How to Earn More Returns with Tax Free Municipal Bonds
Diversification is critical to any portfolio’s long-term growth. A good diversification plan includes low-risk investments, such as municipal bonds, or “munis”. Municipal bonds are debt instruments issued by government agencies, such as cities and counties, and are rated just the same as any corporate bond. However, with municipal bonds, you may get an added bonus for your conservative investment – tax exemption!
Most tax free municipal bonds are issued by a government entity who wants to encourage financial investment in community. Your investment dollars in tax free municipal bonds go toward building roads, sewers, and other infrastructure projects. The goal of a tax free municipal bond is to generate income and pay tax exempt dividends to investors. Tax free municipal bonds permit interest yield to be free of federal tax – and sometimes state and local tax as well.
What Qualifies a Tax Exempt Municipal Bond?

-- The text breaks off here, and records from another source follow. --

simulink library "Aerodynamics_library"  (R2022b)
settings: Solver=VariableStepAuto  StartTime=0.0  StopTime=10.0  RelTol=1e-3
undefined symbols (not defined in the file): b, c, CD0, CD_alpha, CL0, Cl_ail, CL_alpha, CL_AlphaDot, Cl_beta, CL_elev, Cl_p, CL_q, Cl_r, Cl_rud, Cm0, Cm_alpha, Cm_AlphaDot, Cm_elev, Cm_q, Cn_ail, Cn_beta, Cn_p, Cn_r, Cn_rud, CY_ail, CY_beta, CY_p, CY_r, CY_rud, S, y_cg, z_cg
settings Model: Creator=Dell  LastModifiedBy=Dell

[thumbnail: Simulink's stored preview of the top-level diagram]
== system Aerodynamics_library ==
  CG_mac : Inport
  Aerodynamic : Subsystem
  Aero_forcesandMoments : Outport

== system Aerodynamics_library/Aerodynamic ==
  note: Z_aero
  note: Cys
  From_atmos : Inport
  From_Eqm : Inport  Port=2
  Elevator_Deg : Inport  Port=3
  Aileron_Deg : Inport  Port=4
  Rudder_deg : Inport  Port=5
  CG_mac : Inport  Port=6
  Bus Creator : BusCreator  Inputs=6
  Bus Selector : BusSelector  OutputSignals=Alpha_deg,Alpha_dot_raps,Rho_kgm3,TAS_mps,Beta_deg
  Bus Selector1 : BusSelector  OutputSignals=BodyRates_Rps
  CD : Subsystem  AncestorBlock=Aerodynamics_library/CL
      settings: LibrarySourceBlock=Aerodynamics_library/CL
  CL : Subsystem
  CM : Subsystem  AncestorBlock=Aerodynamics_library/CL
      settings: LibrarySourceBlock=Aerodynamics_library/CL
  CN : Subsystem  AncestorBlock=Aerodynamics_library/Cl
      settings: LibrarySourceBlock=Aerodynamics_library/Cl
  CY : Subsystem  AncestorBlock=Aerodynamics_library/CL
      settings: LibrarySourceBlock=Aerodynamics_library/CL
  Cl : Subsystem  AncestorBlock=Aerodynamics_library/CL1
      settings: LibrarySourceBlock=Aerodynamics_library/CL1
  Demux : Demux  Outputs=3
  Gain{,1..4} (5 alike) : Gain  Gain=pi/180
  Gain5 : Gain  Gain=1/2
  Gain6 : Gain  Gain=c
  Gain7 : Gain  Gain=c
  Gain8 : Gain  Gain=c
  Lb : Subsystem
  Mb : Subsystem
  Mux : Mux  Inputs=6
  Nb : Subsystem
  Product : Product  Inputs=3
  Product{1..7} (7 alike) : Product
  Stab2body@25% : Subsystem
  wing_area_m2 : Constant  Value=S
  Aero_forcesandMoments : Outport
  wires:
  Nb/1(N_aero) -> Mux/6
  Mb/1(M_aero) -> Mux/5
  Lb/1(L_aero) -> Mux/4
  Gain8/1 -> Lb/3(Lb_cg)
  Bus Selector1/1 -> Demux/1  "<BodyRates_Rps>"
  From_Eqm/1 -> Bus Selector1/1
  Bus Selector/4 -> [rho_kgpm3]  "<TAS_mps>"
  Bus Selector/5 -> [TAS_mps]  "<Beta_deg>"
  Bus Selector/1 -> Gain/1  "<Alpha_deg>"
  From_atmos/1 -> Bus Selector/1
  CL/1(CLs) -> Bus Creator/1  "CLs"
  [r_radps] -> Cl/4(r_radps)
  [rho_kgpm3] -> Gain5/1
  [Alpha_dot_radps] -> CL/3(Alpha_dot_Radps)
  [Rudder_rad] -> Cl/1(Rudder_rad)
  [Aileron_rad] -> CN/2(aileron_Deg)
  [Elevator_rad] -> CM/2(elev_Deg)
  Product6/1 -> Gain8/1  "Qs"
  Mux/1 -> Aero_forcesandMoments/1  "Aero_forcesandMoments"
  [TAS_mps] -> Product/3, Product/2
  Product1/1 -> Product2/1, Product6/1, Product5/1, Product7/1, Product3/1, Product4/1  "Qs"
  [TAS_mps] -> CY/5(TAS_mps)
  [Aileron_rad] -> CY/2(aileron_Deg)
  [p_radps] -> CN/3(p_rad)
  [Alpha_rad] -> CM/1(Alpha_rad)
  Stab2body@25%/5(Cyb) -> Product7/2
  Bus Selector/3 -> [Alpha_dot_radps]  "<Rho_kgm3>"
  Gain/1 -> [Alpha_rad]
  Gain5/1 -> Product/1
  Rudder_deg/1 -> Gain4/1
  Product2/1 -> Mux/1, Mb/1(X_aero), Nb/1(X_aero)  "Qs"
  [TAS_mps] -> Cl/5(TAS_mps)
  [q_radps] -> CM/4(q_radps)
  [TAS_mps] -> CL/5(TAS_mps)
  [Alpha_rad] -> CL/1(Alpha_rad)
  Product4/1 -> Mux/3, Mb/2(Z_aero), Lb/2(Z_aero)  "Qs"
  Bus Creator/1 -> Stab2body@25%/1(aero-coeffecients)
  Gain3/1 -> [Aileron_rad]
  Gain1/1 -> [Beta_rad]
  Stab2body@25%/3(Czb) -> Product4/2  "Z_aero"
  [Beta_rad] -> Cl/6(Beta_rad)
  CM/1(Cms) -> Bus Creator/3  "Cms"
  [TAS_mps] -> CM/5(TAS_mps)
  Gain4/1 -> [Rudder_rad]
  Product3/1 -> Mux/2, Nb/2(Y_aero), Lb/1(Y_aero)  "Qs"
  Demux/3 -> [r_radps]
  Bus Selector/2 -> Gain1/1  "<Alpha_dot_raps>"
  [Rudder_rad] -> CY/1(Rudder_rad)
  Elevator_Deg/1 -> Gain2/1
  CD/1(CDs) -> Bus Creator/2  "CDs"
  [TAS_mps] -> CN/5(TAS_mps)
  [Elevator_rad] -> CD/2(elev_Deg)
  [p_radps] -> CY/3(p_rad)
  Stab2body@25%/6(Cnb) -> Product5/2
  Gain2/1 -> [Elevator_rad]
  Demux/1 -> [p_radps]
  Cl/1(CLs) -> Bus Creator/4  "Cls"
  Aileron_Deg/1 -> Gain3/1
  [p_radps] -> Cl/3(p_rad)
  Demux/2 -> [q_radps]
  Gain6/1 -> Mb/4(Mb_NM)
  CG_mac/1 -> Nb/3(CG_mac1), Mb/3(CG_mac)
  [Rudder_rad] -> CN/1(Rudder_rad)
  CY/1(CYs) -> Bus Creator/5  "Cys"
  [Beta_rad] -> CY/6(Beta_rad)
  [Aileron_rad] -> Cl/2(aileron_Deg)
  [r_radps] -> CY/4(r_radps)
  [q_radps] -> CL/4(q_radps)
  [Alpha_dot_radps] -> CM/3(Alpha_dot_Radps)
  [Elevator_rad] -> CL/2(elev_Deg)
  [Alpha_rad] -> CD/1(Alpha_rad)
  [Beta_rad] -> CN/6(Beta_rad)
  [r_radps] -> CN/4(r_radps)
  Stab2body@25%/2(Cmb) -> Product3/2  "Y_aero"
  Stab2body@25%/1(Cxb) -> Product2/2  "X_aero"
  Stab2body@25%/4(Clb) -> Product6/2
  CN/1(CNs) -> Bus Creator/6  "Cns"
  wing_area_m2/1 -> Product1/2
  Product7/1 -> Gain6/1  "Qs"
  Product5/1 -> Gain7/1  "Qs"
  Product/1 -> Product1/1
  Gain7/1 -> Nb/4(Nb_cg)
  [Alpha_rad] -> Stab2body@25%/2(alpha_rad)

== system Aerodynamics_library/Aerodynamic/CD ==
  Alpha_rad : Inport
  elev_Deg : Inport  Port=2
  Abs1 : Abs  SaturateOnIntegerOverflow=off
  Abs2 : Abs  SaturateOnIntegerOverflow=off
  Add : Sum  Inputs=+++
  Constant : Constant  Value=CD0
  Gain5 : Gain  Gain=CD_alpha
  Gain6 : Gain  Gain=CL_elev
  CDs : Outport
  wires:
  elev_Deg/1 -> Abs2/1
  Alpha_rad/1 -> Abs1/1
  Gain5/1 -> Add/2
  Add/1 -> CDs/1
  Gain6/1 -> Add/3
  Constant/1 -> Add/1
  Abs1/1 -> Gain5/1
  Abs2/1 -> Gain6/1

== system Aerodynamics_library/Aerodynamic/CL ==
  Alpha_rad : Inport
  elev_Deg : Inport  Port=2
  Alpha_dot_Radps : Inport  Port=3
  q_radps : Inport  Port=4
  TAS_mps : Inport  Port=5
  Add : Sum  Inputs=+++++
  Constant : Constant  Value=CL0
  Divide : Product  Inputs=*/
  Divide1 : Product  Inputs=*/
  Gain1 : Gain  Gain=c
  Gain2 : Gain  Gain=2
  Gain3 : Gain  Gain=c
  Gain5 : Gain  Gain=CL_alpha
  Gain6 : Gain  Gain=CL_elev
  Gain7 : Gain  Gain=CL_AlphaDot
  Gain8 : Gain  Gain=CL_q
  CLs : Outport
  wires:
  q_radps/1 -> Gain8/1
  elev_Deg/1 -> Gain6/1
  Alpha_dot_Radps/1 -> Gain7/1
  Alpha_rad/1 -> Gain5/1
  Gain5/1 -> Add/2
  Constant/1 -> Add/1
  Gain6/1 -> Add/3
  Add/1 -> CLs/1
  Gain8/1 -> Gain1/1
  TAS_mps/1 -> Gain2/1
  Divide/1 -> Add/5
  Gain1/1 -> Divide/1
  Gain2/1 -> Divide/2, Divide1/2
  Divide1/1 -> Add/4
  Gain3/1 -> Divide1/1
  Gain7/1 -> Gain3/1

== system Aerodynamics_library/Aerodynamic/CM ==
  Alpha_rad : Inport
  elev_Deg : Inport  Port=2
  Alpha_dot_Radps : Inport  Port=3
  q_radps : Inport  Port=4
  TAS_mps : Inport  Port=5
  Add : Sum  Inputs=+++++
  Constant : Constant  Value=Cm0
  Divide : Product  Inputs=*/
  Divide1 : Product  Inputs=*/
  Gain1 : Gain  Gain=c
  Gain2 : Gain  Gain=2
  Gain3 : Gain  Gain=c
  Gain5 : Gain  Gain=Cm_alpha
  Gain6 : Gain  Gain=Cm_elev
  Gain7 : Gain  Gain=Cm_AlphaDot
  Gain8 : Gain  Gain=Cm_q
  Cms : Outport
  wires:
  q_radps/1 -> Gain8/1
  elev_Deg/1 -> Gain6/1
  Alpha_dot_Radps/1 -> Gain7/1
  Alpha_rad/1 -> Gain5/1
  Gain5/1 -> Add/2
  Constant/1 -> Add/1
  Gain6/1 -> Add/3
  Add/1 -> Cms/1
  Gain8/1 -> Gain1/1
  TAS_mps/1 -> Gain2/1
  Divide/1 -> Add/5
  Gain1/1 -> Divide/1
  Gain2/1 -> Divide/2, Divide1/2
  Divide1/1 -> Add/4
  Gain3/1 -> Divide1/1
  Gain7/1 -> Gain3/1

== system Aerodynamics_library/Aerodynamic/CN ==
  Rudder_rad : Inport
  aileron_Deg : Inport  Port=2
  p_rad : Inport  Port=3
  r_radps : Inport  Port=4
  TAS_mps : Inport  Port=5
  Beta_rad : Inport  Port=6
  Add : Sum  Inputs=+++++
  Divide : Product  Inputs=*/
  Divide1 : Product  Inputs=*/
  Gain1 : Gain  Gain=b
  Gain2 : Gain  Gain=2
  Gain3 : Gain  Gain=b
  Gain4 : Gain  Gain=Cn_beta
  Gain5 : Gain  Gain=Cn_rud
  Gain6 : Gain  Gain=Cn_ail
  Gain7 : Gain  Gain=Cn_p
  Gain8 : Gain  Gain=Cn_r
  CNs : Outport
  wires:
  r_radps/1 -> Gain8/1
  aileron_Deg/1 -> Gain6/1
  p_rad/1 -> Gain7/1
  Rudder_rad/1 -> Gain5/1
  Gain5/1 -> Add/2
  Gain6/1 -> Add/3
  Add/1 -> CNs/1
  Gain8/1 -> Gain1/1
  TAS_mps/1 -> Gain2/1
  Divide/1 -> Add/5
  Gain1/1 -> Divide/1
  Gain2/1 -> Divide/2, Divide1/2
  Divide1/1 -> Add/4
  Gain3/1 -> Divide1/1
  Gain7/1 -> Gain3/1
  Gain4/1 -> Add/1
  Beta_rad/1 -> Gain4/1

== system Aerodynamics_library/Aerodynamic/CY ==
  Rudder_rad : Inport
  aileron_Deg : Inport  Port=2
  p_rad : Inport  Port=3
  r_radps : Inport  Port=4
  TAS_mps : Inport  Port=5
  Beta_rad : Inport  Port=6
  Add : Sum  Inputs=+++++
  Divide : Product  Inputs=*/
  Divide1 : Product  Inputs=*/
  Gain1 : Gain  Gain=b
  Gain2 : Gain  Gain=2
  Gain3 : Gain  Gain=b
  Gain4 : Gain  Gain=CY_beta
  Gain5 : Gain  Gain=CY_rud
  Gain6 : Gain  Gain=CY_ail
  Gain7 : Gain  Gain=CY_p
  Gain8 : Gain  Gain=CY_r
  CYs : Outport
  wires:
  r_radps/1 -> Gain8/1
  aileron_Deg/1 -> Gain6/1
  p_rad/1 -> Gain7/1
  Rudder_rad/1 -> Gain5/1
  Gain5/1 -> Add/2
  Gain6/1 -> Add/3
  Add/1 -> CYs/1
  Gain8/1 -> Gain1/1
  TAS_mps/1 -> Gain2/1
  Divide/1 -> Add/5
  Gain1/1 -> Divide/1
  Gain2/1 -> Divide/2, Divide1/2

Not all municipal bonds are tax free or tax exempt. In most cases, tax free municipal bonds are strictly geared towards public works, where investment dollars go toward projects to improve public infrastructure. These tax free municipal bonds are also called general obligation bonds.
However, the type of project for which a municipal bond is issued can affect the tax status of the bond. A revenue bond is a municipal bond issued to benefit private for-profit activity, such as a baseball stadium or an airport. These types of revenue bonds may be subject to the federal alternative minimum tax.
How Can You Benefit from Tax Free Municipal Bonds?
You can benefit from a tax free municipal bond depending on your tax status. Though tax free municipal bonds do provide all investors with tax exempt status on dividends and interest, not all investors will enjoy the potential yield.
For instance, an investor in a higher tax bracket, say 33%, can most likely enjoy a better interest return on a tax free municipal bond than a corporate bond with a similar interest rate. By contrast, a lower tax bracket investor, say in the 15% range, will not reap as much interest yield with a tax free municipal bond than a corporate bond of the same rate. It is always recommended that you check with an investment broker to determine whether a tax free municipal bond investment is right for you.
Remember that tax free municipal bonds may also be tax exempt from state and local taxes. When investing in tax free municipal bonds, keep in mind the potential state tax burden that can be saved as well.
The tax exemption status of tax free municipal bonds offers a great way for some investors to protect their investment income from double taxation at the federal and state level. Check with your investment broker about how you can allocate part of your portfolio wealth in these tax havens.